Phishing emails are a very successful social engineering attack that facilitate very lucrative cyber crime. It's easy to spot if you follow the below guide. Learning to detect phishing emails is an important part of our collective responsibility in keeping the school environment safe and secure. If you are unsure about an email, don't open any of the attached files or links, simply forward the email to the ICT Help Desk, we are always here to check the validity of the email for you.
1. CAUTION: If an email has a caution banner at the top, then the sender is not part of our school communication platform. Even if the display name is the name of a staff member, our school emails will never appear with the Caution Banner. A Caution Banner means be vigilant, the email is from an external source. Hackers obtain staff names from our school websites and social pages all the time, if an email has a staff members name and a CAUTION banner, 99.9% of the time that email is going to be a Phishing email.
2. EMAIL ADDRESS: Always check the email address matches the senders name, and that the email is in context. I.E. If the email is intermating that it's from iCloud, make sure the email address domain matches that statement, any inconsistences will point to a Phishing email. Remember that no legitimate business should be emailing from an email @gmail.com. Always make sure the domain is spelt correctly, Cyber-squatting is a term for when a domain is made to look like an existing brand, for example iCloud.com could be ic1oud.com, so be vigilant when you don't recognise the email address.
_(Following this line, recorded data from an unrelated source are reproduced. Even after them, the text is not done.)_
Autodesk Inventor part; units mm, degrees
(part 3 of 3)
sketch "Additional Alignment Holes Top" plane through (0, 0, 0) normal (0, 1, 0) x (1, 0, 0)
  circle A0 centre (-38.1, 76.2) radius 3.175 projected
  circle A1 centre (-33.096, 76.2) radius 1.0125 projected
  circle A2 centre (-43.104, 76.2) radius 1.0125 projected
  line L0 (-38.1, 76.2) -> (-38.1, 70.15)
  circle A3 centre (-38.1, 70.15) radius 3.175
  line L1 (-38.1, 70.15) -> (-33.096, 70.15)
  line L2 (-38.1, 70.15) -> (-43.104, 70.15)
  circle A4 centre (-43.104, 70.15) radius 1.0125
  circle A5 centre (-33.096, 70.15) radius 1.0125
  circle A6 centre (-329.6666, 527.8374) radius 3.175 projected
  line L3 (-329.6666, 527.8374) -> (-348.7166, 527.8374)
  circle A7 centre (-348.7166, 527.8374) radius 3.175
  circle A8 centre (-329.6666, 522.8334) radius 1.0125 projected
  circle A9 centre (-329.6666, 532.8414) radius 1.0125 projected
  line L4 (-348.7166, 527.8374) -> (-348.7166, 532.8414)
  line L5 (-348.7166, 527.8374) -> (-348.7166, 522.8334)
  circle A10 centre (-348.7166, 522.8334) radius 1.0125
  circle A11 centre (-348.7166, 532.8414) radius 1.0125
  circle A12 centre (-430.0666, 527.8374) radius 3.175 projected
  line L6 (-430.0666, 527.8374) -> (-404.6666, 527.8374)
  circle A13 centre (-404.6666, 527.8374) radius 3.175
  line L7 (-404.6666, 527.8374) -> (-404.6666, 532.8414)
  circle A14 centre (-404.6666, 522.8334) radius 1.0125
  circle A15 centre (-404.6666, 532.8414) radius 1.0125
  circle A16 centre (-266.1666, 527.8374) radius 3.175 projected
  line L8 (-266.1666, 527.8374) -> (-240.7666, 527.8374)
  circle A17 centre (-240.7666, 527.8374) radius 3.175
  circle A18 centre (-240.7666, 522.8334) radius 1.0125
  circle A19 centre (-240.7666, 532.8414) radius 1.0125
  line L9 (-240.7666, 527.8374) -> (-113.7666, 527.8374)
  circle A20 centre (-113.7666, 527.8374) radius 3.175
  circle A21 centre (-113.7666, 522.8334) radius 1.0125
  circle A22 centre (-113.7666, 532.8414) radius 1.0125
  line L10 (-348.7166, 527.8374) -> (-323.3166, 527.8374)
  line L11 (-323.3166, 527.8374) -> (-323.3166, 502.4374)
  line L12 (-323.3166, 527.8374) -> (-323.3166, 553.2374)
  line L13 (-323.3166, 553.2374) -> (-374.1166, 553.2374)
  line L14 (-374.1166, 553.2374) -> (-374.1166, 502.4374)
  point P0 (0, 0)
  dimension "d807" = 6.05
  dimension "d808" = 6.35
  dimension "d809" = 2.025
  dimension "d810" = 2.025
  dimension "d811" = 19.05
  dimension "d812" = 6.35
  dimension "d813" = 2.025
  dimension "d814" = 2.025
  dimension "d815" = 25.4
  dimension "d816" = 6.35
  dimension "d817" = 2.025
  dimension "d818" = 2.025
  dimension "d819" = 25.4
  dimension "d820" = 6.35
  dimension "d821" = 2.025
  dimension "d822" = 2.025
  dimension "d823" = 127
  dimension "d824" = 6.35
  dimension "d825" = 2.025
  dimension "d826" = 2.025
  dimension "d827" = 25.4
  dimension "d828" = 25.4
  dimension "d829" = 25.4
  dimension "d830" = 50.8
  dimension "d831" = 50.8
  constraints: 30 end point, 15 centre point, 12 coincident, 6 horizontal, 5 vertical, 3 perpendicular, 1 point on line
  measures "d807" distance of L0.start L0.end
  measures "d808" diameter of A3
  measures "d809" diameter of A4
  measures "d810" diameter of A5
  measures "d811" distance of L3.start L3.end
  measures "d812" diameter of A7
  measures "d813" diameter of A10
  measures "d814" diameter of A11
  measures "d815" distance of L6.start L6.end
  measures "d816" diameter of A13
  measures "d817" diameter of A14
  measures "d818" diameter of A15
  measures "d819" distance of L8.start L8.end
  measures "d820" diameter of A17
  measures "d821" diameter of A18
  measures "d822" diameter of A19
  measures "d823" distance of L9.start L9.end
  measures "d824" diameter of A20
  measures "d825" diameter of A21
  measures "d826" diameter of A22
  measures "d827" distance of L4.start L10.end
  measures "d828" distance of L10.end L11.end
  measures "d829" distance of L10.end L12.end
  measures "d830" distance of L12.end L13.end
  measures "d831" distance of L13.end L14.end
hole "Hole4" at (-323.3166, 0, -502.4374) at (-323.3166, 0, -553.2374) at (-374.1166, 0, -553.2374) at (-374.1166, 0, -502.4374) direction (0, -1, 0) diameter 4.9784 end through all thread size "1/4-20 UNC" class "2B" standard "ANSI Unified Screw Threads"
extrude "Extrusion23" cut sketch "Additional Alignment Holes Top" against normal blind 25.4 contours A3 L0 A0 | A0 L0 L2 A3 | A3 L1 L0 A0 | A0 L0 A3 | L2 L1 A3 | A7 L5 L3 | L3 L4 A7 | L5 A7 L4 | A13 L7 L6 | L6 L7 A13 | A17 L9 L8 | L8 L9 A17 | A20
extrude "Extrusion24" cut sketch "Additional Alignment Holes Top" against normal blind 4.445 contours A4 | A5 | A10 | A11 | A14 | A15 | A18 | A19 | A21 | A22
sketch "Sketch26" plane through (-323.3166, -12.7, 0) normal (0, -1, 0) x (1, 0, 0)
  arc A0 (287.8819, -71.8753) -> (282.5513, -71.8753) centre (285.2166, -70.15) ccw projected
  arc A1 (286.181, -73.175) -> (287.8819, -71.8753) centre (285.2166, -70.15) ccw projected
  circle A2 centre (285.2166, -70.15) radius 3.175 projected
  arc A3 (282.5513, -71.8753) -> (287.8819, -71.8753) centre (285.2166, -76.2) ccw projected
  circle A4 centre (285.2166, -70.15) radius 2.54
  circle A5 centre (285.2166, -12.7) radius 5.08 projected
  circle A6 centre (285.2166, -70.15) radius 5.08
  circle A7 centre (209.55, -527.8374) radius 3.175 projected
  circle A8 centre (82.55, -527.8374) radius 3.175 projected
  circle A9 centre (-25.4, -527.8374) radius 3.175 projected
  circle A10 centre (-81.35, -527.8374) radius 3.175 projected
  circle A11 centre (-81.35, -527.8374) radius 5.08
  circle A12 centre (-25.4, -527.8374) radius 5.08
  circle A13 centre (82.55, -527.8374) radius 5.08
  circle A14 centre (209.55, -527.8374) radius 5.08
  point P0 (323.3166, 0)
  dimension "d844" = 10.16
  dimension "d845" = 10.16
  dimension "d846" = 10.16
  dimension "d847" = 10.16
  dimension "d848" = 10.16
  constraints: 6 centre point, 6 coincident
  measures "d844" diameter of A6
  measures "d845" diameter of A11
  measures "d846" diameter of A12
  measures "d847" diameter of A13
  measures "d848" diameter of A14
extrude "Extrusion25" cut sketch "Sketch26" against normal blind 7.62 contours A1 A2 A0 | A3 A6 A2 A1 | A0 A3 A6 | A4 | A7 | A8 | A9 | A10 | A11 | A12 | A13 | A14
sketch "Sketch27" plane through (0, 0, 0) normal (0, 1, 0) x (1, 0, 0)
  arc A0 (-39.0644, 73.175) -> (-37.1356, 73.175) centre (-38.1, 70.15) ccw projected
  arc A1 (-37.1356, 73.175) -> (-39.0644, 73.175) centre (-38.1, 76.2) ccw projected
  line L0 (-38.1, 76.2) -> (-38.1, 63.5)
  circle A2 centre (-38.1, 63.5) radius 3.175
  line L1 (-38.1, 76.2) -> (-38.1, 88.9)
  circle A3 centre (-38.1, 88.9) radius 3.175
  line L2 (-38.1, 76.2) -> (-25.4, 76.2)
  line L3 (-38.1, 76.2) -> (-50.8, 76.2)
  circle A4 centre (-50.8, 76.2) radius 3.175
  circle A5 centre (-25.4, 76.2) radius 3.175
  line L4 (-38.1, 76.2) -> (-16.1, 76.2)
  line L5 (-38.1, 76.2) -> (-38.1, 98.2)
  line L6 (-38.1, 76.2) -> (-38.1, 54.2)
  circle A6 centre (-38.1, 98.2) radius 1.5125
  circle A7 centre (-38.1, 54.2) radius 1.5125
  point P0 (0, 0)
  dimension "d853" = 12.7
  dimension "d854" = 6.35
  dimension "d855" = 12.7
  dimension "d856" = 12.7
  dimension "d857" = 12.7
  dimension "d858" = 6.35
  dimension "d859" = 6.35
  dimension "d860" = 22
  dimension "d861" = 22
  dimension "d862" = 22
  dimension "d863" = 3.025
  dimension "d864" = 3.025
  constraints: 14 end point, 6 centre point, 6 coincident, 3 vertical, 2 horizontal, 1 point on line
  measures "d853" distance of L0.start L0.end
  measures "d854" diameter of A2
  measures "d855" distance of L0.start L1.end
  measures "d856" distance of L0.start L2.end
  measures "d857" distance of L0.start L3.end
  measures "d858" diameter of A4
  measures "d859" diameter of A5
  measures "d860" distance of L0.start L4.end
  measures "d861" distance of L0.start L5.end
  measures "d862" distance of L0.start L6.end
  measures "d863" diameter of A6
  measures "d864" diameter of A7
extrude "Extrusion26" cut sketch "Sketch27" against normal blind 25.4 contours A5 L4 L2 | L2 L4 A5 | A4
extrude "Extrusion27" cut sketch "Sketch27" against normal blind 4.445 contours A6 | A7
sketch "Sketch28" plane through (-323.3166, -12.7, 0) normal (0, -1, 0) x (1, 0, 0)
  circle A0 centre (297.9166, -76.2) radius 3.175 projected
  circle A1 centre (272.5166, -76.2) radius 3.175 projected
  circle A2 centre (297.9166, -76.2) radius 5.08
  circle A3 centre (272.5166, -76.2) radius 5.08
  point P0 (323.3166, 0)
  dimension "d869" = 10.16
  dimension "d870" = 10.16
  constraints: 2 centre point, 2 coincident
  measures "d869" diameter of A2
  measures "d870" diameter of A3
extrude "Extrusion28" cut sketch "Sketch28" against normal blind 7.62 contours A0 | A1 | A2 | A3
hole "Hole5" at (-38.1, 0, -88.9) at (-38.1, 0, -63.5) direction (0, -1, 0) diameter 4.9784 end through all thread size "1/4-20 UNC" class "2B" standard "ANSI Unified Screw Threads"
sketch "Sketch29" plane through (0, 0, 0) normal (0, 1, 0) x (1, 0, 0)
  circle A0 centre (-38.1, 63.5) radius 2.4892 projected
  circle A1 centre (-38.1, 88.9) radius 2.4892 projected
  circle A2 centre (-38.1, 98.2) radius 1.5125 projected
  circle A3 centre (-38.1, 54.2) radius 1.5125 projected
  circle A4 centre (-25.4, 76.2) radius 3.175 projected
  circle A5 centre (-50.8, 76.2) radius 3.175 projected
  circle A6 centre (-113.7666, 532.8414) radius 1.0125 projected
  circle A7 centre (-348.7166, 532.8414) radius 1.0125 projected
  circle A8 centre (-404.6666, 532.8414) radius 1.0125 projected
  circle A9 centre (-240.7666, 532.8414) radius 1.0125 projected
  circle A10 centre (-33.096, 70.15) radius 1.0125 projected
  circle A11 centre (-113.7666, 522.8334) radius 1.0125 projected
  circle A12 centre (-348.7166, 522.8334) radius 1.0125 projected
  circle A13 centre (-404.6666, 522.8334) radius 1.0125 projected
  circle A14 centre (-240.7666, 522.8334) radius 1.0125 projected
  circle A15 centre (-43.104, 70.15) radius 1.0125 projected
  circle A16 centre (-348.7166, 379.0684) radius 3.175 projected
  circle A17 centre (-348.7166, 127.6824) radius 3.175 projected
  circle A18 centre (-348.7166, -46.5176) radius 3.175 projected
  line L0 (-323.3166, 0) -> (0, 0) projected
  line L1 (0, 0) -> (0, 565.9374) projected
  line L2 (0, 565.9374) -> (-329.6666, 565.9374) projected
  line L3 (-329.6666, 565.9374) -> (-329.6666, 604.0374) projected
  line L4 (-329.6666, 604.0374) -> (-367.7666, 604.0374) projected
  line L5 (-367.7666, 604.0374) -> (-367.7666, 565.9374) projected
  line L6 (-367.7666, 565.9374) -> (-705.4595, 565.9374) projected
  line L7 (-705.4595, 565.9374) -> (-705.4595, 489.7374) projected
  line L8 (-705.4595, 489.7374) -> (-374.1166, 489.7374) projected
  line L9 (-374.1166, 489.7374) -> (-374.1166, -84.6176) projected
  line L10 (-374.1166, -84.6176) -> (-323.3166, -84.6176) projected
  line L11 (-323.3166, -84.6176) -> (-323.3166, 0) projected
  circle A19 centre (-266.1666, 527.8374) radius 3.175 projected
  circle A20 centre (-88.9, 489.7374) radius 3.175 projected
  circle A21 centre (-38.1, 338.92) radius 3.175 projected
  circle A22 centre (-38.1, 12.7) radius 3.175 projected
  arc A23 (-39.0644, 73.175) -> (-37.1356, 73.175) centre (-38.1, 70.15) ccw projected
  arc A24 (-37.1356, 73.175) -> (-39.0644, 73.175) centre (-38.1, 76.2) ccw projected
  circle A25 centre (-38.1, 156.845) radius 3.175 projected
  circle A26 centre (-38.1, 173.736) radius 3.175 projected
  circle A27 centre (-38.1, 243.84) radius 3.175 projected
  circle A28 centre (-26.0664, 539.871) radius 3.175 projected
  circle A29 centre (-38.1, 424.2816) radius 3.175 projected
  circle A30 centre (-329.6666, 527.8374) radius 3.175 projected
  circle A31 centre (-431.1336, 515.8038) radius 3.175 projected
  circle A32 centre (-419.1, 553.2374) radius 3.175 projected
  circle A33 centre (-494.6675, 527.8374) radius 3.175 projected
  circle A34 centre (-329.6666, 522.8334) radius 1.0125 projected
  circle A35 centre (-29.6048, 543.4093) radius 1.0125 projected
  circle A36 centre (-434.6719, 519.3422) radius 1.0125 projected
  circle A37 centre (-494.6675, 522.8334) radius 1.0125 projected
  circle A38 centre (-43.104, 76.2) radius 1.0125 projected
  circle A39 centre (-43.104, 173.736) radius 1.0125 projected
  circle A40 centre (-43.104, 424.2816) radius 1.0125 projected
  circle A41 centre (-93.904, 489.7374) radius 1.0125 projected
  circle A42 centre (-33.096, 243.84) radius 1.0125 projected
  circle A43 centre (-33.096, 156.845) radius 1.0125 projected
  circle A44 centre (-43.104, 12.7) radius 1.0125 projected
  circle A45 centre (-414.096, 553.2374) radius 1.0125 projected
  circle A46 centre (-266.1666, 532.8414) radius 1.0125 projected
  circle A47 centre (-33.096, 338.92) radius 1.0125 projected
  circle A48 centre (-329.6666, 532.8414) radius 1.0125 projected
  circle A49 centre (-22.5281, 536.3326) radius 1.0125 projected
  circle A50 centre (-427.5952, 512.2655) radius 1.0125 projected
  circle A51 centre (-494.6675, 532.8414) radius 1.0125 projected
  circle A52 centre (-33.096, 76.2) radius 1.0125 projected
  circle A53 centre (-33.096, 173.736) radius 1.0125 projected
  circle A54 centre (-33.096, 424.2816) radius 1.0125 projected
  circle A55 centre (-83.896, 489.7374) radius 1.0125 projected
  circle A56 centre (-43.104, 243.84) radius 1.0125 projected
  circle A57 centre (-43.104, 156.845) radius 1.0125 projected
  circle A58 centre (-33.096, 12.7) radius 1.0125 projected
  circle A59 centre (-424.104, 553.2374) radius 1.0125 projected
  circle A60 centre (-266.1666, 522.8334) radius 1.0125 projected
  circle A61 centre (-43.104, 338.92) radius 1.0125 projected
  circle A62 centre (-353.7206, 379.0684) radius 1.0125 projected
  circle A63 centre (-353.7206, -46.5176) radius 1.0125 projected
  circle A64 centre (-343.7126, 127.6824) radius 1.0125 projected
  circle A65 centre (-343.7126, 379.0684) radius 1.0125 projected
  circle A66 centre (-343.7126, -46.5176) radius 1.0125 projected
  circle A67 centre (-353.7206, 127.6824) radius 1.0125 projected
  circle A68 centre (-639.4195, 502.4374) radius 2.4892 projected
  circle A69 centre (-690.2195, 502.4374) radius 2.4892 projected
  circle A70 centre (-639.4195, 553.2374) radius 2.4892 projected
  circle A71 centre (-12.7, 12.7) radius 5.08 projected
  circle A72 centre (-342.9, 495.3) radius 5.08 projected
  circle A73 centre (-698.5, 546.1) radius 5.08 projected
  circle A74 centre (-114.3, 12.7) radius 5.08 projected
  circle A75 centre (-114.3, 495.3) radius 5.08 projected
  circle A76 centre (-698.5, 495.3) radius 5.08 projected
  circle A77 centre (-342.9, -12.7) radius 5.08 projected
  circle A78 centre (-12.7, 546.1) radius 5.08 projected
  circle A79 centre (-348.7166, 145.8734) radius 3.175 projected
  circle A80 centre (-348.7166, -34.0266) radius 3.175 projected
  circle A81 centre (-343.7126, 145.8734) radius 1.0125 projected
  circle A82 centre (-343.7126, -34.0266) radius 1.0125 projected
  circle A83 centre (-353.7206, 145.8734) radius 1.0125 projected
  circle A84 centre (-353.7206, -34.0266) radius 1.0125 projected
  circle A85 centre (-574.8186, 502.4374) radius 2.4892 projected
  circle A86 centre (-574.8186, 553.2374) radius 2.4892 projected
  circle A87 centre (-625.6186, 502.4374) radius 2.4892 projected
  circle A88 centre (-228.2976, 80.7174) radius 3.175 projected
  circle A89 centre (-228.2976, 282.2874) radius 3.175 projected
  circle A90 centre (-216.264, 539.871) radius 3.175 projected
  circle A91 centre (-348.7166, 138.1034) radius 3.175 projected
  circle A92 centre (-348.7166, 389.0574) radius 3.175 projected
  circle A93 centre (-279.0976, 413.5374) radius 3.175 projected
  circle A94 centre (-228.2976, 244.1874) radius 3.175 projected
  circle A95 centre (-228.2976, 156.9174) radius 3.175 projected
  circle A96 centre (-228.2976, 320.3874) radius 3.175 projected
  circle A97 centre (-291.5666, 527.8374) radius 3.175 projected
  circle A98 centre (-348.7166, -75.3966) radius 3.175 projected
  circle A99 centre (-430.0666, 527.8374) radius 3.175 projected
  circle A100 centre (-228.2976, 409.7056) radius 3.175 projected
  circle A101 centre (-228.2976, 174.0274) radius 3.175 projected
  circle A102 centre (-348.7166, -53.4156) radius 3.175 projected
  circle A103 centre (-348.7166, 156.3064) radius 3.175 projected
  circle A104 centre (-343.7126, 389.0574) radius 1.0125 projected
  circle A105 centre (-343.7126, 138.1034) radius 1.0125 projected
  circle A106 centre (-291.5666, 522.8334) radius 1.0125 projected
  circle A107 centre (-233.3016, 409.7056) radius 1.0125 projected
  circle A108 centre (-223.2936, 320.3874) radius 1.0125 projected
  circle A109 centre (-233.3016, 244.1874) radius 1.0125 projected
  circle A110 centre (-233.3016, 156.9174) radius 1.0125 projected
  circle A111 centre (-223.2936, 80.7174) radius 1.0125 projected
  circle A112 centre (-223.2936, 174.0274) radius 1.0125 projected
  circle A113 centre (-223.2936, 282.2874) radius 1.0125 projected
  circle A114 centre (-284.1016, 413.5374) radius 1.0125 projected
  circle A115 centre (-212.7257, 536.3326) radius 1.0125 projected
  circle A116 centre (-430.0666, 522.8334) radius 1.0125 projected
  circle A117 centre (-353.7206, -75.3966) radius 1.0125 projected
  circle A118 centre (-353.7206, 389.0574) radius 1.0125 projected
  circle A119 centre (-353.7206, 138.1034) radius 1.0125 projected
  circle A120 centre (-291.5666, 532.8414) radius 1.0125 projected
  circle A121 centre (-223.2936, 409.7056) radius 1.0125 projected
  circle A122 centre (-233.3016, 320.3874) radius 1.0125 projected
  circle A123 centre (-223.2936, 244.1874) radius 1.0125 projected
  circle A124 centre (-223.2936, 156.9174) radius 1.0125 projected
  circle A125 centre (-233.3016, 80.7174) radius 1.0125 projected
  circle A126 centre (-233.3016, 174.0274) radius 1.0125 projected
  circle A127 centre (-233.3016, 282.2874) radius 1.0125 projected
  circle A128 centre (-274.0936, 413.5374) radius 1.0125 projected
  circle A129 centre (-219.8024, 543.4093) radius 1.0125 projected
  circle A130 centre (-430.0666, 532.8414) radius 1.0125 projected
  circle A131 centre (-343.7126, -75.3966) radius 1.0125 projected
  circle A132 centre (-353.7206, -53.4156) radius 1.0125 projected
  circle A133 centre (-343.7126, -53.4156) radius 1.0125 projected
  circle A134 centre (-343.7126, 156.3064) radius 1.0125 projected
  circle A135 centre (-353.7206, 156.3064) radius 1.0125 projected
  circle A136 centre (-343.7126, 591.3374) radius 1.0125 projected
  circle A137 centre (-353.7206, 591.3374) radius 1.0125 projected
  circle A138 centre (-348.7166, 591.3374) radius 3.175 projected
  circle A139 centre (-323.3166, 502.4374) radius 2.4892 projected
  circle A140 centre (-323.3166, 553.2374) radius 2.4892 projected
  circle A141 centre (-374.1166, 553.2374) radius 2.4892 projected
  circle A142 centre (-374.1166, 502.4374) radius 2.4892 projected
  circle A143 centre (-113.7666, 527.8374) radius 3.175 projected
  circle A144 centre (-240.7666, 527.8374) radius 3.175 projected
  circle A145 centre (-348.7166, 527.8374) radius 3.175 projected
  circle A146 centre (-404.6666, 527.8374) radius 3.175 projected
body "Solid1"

3: SUSPICIOUS ATTACHMENTS OR LINKS: Never open an attachment or click a link unless you are 100% confident that the message is from a legitimate contact. Ambiguous attachments or links, with (Important Read Me) or (Invoice) with limited message information, or grammatically incorrect text are often phishing emails. If you open an attachment that is infected with malware, you will potentially be compromising network security or sensitive personal information. A simple way to check before you open a link is by hovering your mouse over the area, the full address path will be shown, if the path is not consistent with the context of the message, don't click the link. Never enter school login details into a page to authenticate against an email link, it's going to be harvesting your login details, and you will be opening the school network up to possible ransomware attacks.
Follow this simple guide to keep yourself safe online at school and at home.